STORY AND PHOTO BY KAREN BOSSICK
On Monday 100 Men Who Care will bring together seven professionals to discuss how to address Mental Health and Wellness in the community.
The meeting will be held from 5:30 to 7:30 p.m. Monday, July 13, in the Minnie Moore Room of the Community Campus in Hailey. Open to the public, it will be followed by a potluck social.
The panelists are:
Jenna Vagias, executive director of TogetherWe
Sarah Seppa, director of community engagement for St. Luke’s Community Health
Benson Blair, a social worker at Wood River High School
Herbert Romero, co-founder of Neighbors Helping Neighbors
Tammy Davis, executive director of the Crisis Hotline
Sonya Wilander, executive director of Men’s Second Chance Living
Kim Hayes, founder of Carbonate Recovery Center
The Crisis Hotline, Men’s Second Chance Living and Carbonate Recovery Center will be the recipients of any donations made during the evening by 100 Men Who Care regulars and others who wish to donate.
100 Men Who Care held its first special topic meeting during the COVID pandemic as it focused on organizations offering assistance during the pandemic. In October 2024 it hosted a community meeting focusing on housing assistance for the lowest income.
The panel that will talk on Monday includes preventative and educational facilitators and intervention and treatment professionals, said Marty Lyon, who founded 100 Men Who Care.

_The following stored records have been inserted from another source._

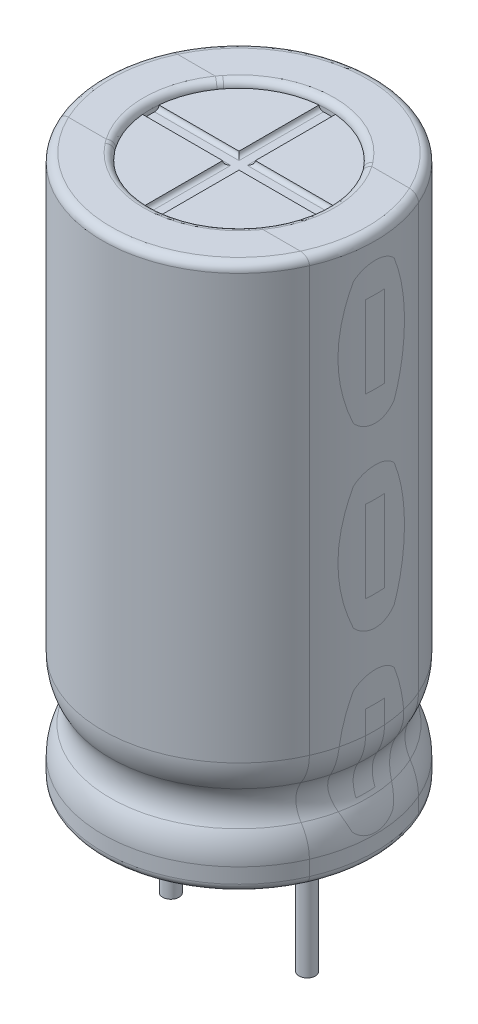
SolidWorks part; units mm, degrees
ref_plane "Front Plane" through (0, 0, 0) normal (0, 0, 1) x (1, 0, 0)
ref_plane "Top Plane" through (0, 0, 0) normal (0, 1, 0) x (1, 0, 0)
ref_plane "Right Plane" through (0, 0, 0) normal (1, 0, 0) x (0, 0, -1)
sketch "Эскиз1" plane through (0, 0, 0) normal (0, 0, 1) x (1, 0, 0)
  line L0 (0, 47.0384) -> (0, -50.5015) construction
  line L1 (0, 0) -> (-5, 0)
  line L2 (-5, 0) -> (-5, 1.5395)
  line L3 (-5, 20) -> (0, 20)
  line L4 (0, 20) -> (0, 0)
  line L5 (-5, 3.4605) -> (-5, 20)
  arc A0 (-5, 1.5395) -> (-5, 3.4605) centre (-5.8, 2.5) ccw
  dimension "D3" = 2.5
  dimension "D1" = 5
  dimension "D2" = 20
  dimension "D4" = 0.8
  dimension "D5" = 2.5
revolve "Повернуть2" add sketch "Эскиз1" angle 360 about L0
sketch "Эскиз2" plane through (0, 20, 0) normal (0, 1, 0) x (1, 0, 0)
  circle A0 centre (0, 0) radius 3.25
  dimension "D1" = 6.5
extrude "Вырез-Вытянуть1" cut sketch "Эскиз2" against normal blind 0.25
sketch "Эскиз3" plane through (0, 19.75, 0) normal (0, 1, 0) x (1, 0, 0)
  line L0 (0, 5.3403) -> (0, -5.4999) construction
  line L1 (-5.5664, 0) -> (5.593, 0) construction
  line L2 (-0.3, 3.2361) -> (-0.3, 0.3)
  line L3 (-0.3, 0.3) -> (-3.2361, 0.3)
  line L4 (0.3, 0.3) -> (3.2361, 0.3)
  line L5 (0.3, 3.2361) -> (0.3, 0.3)
  line L6 (0.3, -0.3) -> (3.2361, -0.3)
  line L7 (0.3, -3.2361) -> (0.3, -0.3)
  line L8 (-0.3, -3.2361) -> (-0.3, -0.3)
  line L9 (-0.3, -0.3) -> (-3.2361, -0.3)
  circle A0 centre (0, 0) radius 3.25 construction
  arc A1 (-3.2361, 0.3) -> (-3.2361, -0.3) centre (0, 0) ccw
  arc A2 (0.3, 3.2361) -> (-0.3, 3.2361) centre (0, 0) ccw
  arc A3 (3.2361, -0.3) -> (3.2361, 0.3) centre (0, 0) ccw
  arc A4 (-0.3, -3.2361) -> (0.3, -3.2361) centre (0, 0) ccw
  dimension "D1" = 0.3
  dimension "D2" = 0.3
extrude "Вырез-Вытянуть2" cut sketch "Эскиз3" against normal blind 0.15
fillet "Скругление1" radius 0.3 2 edges at (0, 0, 5) (0, 20, 5)
fillet "Скругление2" radius 2 2 edges at (0, 1.5395, 5) (0, 3.4605, 5)
sketch "Эскиз4" plane through (0, 0, 0) normal (0, -1, 0) x (1, 0, 0)
  line L0 (0, 5.3536) -> (0, -5.5664) construction
  line L1 (-5.8457, 0) -> (5.2871, 0) construction
  circle A1 centre (0, 0) radius 3.25
  dimension "D1" = 6.5
extrude "Вырез-Вытянуть3" cut sketch "Эскиз4" against normal blind 0.25
sketch "Эскиз5" plane through (0, 0.25, 0) normal (0, -1, 0) x (1, 0, 0)
  line L0 (0, 5.3137) -> (0, -5.593) construction
  line L1 (-5.4467, 0) -> (5.3536, 0) construction
  circle A0 centre (-2.5, 0) radius 0.3
  circle A1 centre (2.5, 0) radius 0.3
  dimension "D1" = 0.6
  dimension "D2" = 2.5
extrude "Бобышка-Вытянуть1" add sketch "Эскиз5" along normal blind 5
fillet "Скругление3" radius 0.15 8 edges at (0.3, 19.6, -1.7681) (-1.7681, 19.6, 0.3) (1.7681, 19.6, 0.3) (0.3, 19.6, 1.7681) (-0.3, 19.6, 1.7681) (1.7681, 19.6, -0.3) (-0.3, 19.6, -1.7681) (-1.7681, 19.6, -0.3)
ref_plane "Плоскость1" through (5.5, 0, 0) normal (1, 0, 0) x (0, 0, -1)
sketch "Эскиз6" plane through (5.5, 0, 0) normal (1, 0, 0) x (0, 0, -1)
  line L0 (0, 22.3182) -> (0, -7.8953) construction
  line L1 (3.25, 20) -> (-3.25, 20) construction
  line L2 (-2, 25) -> (2, 25)
  line L3 (-2, 25) -> (-2, -5)
  line L4 (-2, -5) -> (2, -5)
  line L5 (2, 25) -> (2, -5)
  line L6 (-2, 25) -> (2, -5) construction
  line L7 (-2, -5) -> (2, 25) construction
  line L19 (4.7, 20) -> (-4.7, 20) construction
  line L20 (0.35, 18) -> (-0.35, 18)
  line L30 (0.35, 18) -> (0.35, 15)
  line L31 (0.35, 15) -> (-0.35, 15)
  line L32 (-0.35, 18) -> (-0.35, 15)
  line L33 (0.35, 18) -> (-0.35, 15) construction
  line L34 (0.35, 15) -> (-0.35, 18) construction
  line L35 (0.35, 11.5) -> (0.35, 8.5)
  line L36 (0.75, 18.75) -> (-0.75, 18.75) construction
  line L37 (0.75, 18.75) -> (0.75, 14.25) construction
  line L38 (0.75, 14.25) -> (-0.75, 14.25) construction
  line L39 (-0.75, 18.75) -> (-0.75, 14.25) construction
  line L40 (0.75, 18.75) -> (-0.75, 14.25) construction
  line L41 (0.75, 14.25) -> (-0.75, 18.75) construction
  line L42 (0.35, 11.5) -> (-0.35, 11.5)
  line L43 (-0.35, 11.5) -> (-0.35, 8.5)
  line L44 (0.35, 8.5) -> (-0.35, 8.5)
  line L45 (0.35, 5) -> (0.35, 2)
  line L46 (0.35, 5) -> (-0.35, 5)
  line L47 (-0.35, 5) -> (-0.35, 2)
  line L48 (0.35, 2) -> (-0.35, 2)
  arc A0 (0.75, 18.75) -> (0.75, 14.25) centre (-4.4006, 16.5) cw
  arc A1 (-0.75, 18.75) -> (-0.75, 14.25) centre (4.4006, 16.5) ccw
  arc A2 (0.75, 18.75) -> (-0.75, 18.75) centre (0, 18.0886) ccw
  arc A3 (-0.75, 14.25) -> (0.75, 14.25) centre (0, 14.9114) ccw
  arc A4 (-0.75, 7.75) -> (0.75, 7.75) centre (0, 8.4114) ccw
  arc A5 (0.75, 12.25) -> (0.75, 7.75) centre (-4.4006, 10) cw
  arc A6 (0.75, 12.25) -> (-0.75, 12.25) centre (0, 11.5886) ccw
  arc A7 (-0.75, 12.25) -> (-0.75, 7.75) centre (4.4006, 10) ccw
  arc A8 (-0.75, 1.25) -> (0.75, 1.25) centre (0, 1.9114) ccw
  arc A9 (0.75, 5.75) -> (0.75, 1.25) centre (-4.4006, 3.5) cw
  arc A10 (0.75, 5.75) -> (-0.75, 5.75) centre (0, 5.0886) ccw
  arc A11 (-0.75, 5.75) -> (-0.75, 1.25) centre (4.4006, 3.5) ccw
  point P3 (0, 10)
  point P10 (0, 16.5)
  point P12 (0, 12.7929)
  point P18 (0, 16.5)
  point P27 (1.22, 16.5)
  point P28 (-1.22, 16.5)
  point P29 (0, 19.0886)
  point P30 (0, 13.9114)
  dimension "D9" = 0.78
  dimension "D1" = 30
  dimension "D2" = 4
  dimension "D3" = 5
  dimension "D4" = 2
  dimension "D5" = 3
  dimension "D6" = 0.7
  dimension "D7" = 4.5
  dimension "D8" = 1.5
  dimension "D10" = 0.78
  dimension "D11" = 1
  dimension "D12" = 1
  dimension "D13" = 3
split line "Разделяющая линия1"
fillet "Скругление4" radius 0.25 4 edges at (-3.25, 20, 0) (0, 20, 3.25) (3.25, 20, 0) (0, 20, -3.25)
fillet "Скругление5" radius 0.2 4 edges at (0, 0, 3.25) (-3.25, 0, 0) (0, 0, -3.25) (3.25, 0, 0)
ref_plane "Плоскость2" [suppressed] through (0, 0, 5.3) normal (0, 0, 1) x (1, 0, 0)
sketch "Эскиз7" [suppressed] plane through (0, 0, 5.3) normal (0, 0, 1) x (1, 0, 0)
  line L0 (0, 20.9995) -> (0, -1.1678) construction
  line L1 (-2.1141, 20) -> (-2.1141, 0) construction
  line L2 (3.5, 23.0802) -> (-3.5, 23.0802)
  line L3 (3.5, 23.0802) -> (3.5, -3.2485)
  line L4 (3.5, -3.2485) -> (-3.5, -3.2485)
  line L5 (-3.5, 23.0802) -> (-3.5, -3.2485)
  line L6 (3.5, 23.0802) -> (-3.5, -3.2485) construction
  line L7 (3.5, -3.2485) -> (-3.5, 23.0802) construction
  line L8 (4.2532, 20) -> (-4.2532, 20) construction
  line L9 (1.3, 20) -> (1.3, 0) construction
  line L11 (-4.2532, 0) -> (4.2532, 0) construction
  text T0 "  chang         chang" font "Open Sans" height 1.5
  text T1 "  -40+105ºC          -40+105ºC" font "Arial" height 1
  point P3 (0, 9.9159)
  dimension "D1" = 7
  dimension "D2" = 2.1141
  dimension "D3" = 1.3
split line "Разделяющая линия2" [suppressed]

“Their stories are so fascinating and their programs are so uniquely different from one another,” said Lyon. “I learned rom Benson Blair, for instance, that within the high school there are students get trained in suicide prevention and they wear a button to let their fellow students know that if they have an issue they can approach them and have a conversation.
“I learned from Tammy Davis that the Crisis Hotline fielded over 1,400 phone calls during 2025—one year’s time. Sara Seppa said that the number of people that approach St. Luke’s for help is like 20,000 in a given year. And TogetherWe now has 60 organizations under its umbrella.”
100 Men Who Care funneled donations to The Spot Sun Valley, Boulder Mountain Clayworks and The Alliance of Idaho at its last quarterly meeting in April.
The Spot is a professional black box theater in Ketchum known for producing fearless theater and cultivating the next generation of performers. Funds from 100 Men Who Care will help cover the cost of its two tuition-free Spot Young Company musicals. The high school students will perform “Big Fish” in December, and the middle school students will perform “Guys and Dolls Jr.” in May 2027.
Boulder Mountain Clayworks served 150 children in seven Youth Clay camps in 2025, along with 75 middle and high school students in five Teen Throwing Camps. Another 65 individuals participated in one-day or family workshops, and the nonprofit organization took projects to children in Hailey, Bellevue and Carey through the summer Bloom program.
The Alliance of Idaho provides low-cost immigration legal services for families in Blaine County and surrounding communities.